# Trace - Paddy Bay Welsh D



## PeggyPatch (20 October 2011)

Hi All, 

I sadly had to sell Paddy earlier this year (March) due to work commitments. He is out of Travellion stepping Jack, 8 years old and about 15.1. Since selling him I know he was sold on from the Lady who bought him from me due to her terminal illness.

I think he is within the southampton area but maybe wrong.
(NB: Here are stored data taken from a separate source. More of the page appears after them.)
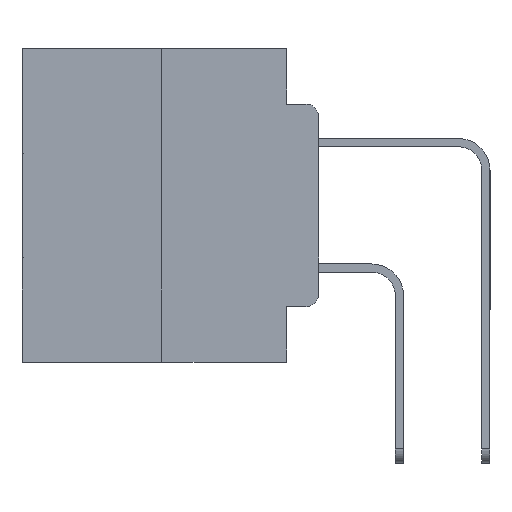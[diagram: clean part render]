
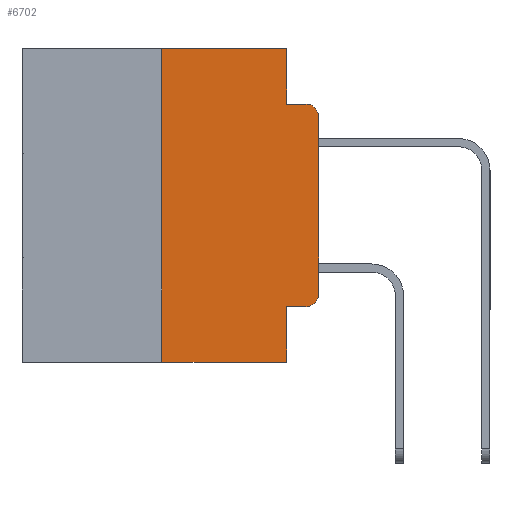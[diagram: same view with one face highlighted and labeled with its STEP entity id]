
A CAD part, left-side view. The second image highlights one B-rep face of the part: STEP entity #6702.
In plain terms, the highlighted planar face has unit normal (-1, 0, 0).
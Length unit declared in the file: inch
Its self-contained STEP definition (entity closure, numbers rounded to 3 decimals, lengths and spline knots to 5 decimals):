
#354 = LINE ( 'NONE', #2842, #5810 ) ;
#876 = VERTEX_POINT ( 'NONE', #20255 ) ;
#1134 = VERTEX_POINT ( 'NONE', #22027 ) ;
#1243 = DIRECTION ( 'NONE',  ( 0., 0., -1. ) ) ;
#1368 = ORIENTED_EDGE ( 'NONE', *, *, #16579, .T. ) ;
#1604 = VERTEX_POINT ( 'NONE', #1978 ) ;
#1875 = EDGE_CURVE ( 'NONE', #1134, #14332, #24399, .T. ) ;
#1978 = CARTESIAN_POINT ( 'NONE',  ( 0., 0., -0.1085 ) ) ;
#2536 = DIRECTION ( 'NONE',  ( 0., -1., 0. ) ) ;
#2578 = DIRECTION ( 'NONE',  ( -1., 0., 0. ) ) ;
#2840 = LINE ( 'NONE', #14932, #3560 ) ;
#2842 = CARTESIAN_POINT ( 'NONE',  ( 0., 0.25, 0. ) ) ;
#3298 = VERTEX_POINT ( 'NONE', #11558 ) ;
#3542 = LINE ( 'NONE', #20896, #20850 ) ;
#3560 = VECTOR ( 'NONE', #1243, 39.37008 ) ;
#4922 = DIRECTION ( 'NONE',  ( -1., 0., 0. ) ) ;
#5497 = CARTESIAN_POINT ( 'NONE',  ( 0., 0.25, -0.5 ) ) ;
#5541 = LINE ( 'NONE', #6587, #11650 ) ;
#5810 = VECTOR ( 'NONE', #20916, 39.37008 ) ;
#6446 = CARTESIAN_POINT ( 'NONE',  ( 0., 0.473, 0. ) ) ;
#6587 = CARTESIAN_POINT ( 'NONE',  ( 0., 0.473, -0.5 ) ) ;
#6595 = EDGE_LOOP ( 'NONE', ( #9119, #9317, #10600, #10644, #10692, #11097, #11295, #11640, #12481, #1368 ) ) ;
#6702 = ADVANCED_FACE ( 'NONE', ( #7708 ), #19922, .F. ) ;
#6956 = VERTEX_POINT ( 'NONE', #16199 ) ;
#7566 = CARTESIAN_POINT ( 'NONE',  ( 0., 0.051, 0. ) ) ;
#7708 = FACE_OUTER_BOUND ( 'NONE', #6595, .T. ) ;
#7837 = CIRCLE ( 'NONE', #10023, 0.02 ) ;
#8358 = DIRECTION ( 'NONE',  ( 0., -1., 0. ) ) ;
#8380 = CIRCLE ( 'NONE', #24462, 0.02 ) ;
#8742 = DIRECTION ( 'NONE',  ( 1., 0., 0. ) ) ;
#8753 = VECTOR ( 'NONE', #8358, 39.37008 ) ;
#8988 = CARTESIAN_POINT ( 'NONE',  ( 0., 0.02, -0.4115 ) ) ;
#9119 = ORIENTED_EDGE ( 'NONE', *, *, #19503, .T. ) ;
#9317 = ORIENTED_EDGE ( 'NONE', *, *, #23948, .T. ) ;
#9706 = EDGE_CURVE ( 'NONE', #6956, #23032, #26951, .T. ) ;
#10023 = AXIS2_PLACEMENT_3D ( 'NONE', #18459, #4922, #20680 ) ;
#10600 = ORIENTED_EDGE ( 'NONE', *, *, #1875, .F. ) ;
#10644 = ORIENTED_EDGE ( 'NONE', *, *, #23243, .F. ) ;
#10692 = ORIENTED_EDGE ( 'NONE', *, *, #16311, .F. ) ;
#11097 = ORIENTED_EDGE ( 'NONE', *, *, #17299, .F. ) ;
#11256 = CARTESIAN_POINT ( 'NONE',  ( 0., 0.02, -0.0885 ) ) ;
#11295 = ORIENTED_EDGE ( 'NONE', *, *, #15762, .T. ) ;
#11558 = CARTESIAN_POINT ( 'NONE',  ( 0., 0., -0.3915 ) ) ;
#11640 = ORIENTED_EDGE ( 'NONE', *, *, #22144, .F. ) ;
#11650 = VECTOR ( 'NONE', #28838, 39.37008 ) ;
#12117 = VERTEX_POINT ( 'NONE', #7566 ) ;
#12465 = VERTEX_POINT ( 'NONE', #17974 ) ;
#12481 = ORIENTED_EDGE ( 'NONE', *, *, #9706, .T. ) ;
#13220 = DIRECTION ( 'NONE',  ( 0., 0., 1. ) ) ;
#14332 = VERTEX_POINT ( 'NONE', #11256 ) ;
#14732 = LINE ( 'NONE', #23986, #8753 ) ;
#14932 = CARTESIAN_POINT ( 'NONE',  ( 0., 0.051, 0. ) ) ;
#15128 = VECTOR ( 'NONE', #13220, 39.37008 ) ;
#15160 = VECTOR ( 'NONE', #2536, 39.37008 ) ;
#15318 = DIRECTION ( 'NONE',  ( 0., -1., 0. ) ) ;
#15352 = CARTESIAN_POINT ( 'NONE',  ( 0., 0.051, -0.0885 ) ) ;
#15433 = CARTESIAN_POINT ( 'NONE',  ( 0., 0., 0. ) ) ;
#15762 = EDGE_CURVE ( 'NONE', #18158, #876, #5541, .T. ) ;
#15831 = LINE ( 'NONE', #15433, #15128 ) ;
#16199 = CARTESIAN_POINT ( 'NONE',  ( 0., 0.051, -0.4115 ) ) ;
#16208 = CARTESIAN_POINT ( 'NONE',  ( 0., 0.02, -0.3915 ) ) ;
#16311 = EDGE_CURVE ( 'NONE', #12465, #12117, #14732, .T. ) ;
#16579 = EDGE_CURVE ( 'NONE', #23032, #3298, #8380, .T. ) ;
#17299 = EDGE_CURVE ( 'NONE', #18158, #12465, #354, .T. ) ;
#17974 = CARTESIAN_POINT ( 'NONE',  ( 0., 0.25, 0. ) ) ;
#18158 = VERTEX_POINT ( 'NONE', #5497 ) ;
#18450 = DIRECTION ( 'NONE',  ( 0., 0., -1. ) ) ;
#18459 = CARTESIAN_POINT ( 'NONE',  ( 0., 0.02, -0.1085 ) ) ;
#19209 = VECTOR ( 'NONE', #15318, 39.37008 ) ;
#19503 = EDGE_CURVE ( 'NONE', #3298, #1604, #15831, .T. ) ;
#19922 = PLANE ( 'NONE',  #25377 ) ;
#20255 = CARTESIAN_POINT ( 'NONE',  ( 0., 0.051, -0.5 ) ) ;
#20680 = DIRECTION ( 'NONE',  ( 0., 0., -1. ) ) ;
#20850 = VECTOR ( 'NONE', #20996, 39.37008 ) ;
#20896 = CARTESIAN_POINT ( 'NONE',  ( 0., 0.051, 0. ) ) ;
#20916 = DIRECTION ( 'NONE',  ( 0., 0., 1. ) ) ;
#20996 = DIRECTION ( 'NONE',  ( 0., 0., -1. ) ) ;
#22027 = CARTESIAN_POINT ( 'NONE',  ( 0., 0.051, -0.0885 ) ) ;
#22144 = EDGE_CURVE ( 'NONE', #6956, #876, #2840, .T. ) ;
#23032 = VERTEX_POINT ( 'NONE', #8988 ) ;
#23243 = EDGE_CURVE ( 'NONE', #12117, #1134, #3542, .T. ) ;
#23948 = EDGE_CURVE ( 'NONE', #1604, #14332, #7837, .T. ) ;
#23986 = CARTESIAN_POINT ( 'NONE',  ( 0., 0.473, 0. ) ) ;
#24369 = DIRECTION ( 'NONE',  ( 0., 0., -1. ) ) ;
#24399 = LINE ( 'NONE', #15352, #19209 ) ;
#24462 = AXIS2_PLACEMENT_3D ( 'NONE', #16208, #2578, #18450 ) ;
#25377 = AXIS2_PLACEMENT_3D ( 'NONE', #6446, #8742, #24369 ) ;
#26951 = LINE ( 'NONE', #27216, #15160 ) ;
#27216 = CARTESIAN_POINT ( 'NONE',  ( 0., 0.051, -0.4115 ) ) ;
#28838 = DIRECTION ( 'NONE',  ( 0., -1., 0. ) ) ;

Any information on him would be really helpful . Picture below


----------



## PeggyPatch (30 October 2011)

Does any one have any info on Paddy :/


----------



## cally6008 (30 October 2011)

did he have a posh name or was it just paddy ?


----------



## PeggyPatch (30 October 2011)

His name is penniment stepping Patrick.


----------



## cally6008 (30 October 2011)

have you asked the WPCS ?


----------



## PeggyPatch (30 October 2011)

no I haven't. Without sounding silly what would you ask them?


----------



## cally6008 (30 October 2011)

If they have current owner details of Paddy .. or who are the last owners details they have .. and would they mind passing a letter on from you or an email from you


----------



## PeggyPatch (31 October 2011)

Thanks, I have sent them an email this morning. Maybe they will have some information


----------



## PeggyPatch (11 November 2011)

I contacted the WPCS but sadly he is still registered in my name. So, No luck there


----------



## PeggyPatch (19 February 2012)

bump


----------



## wonderhorse11 (20 February 2012)

could you not ask the person you sold him to for the detils of the person she sold him to?


----------



## PeggyPatch (20 February 2012)

No sadly she died from her terminal illness before I found out she had sold him or she was ill. I think she was given weeks to live


----------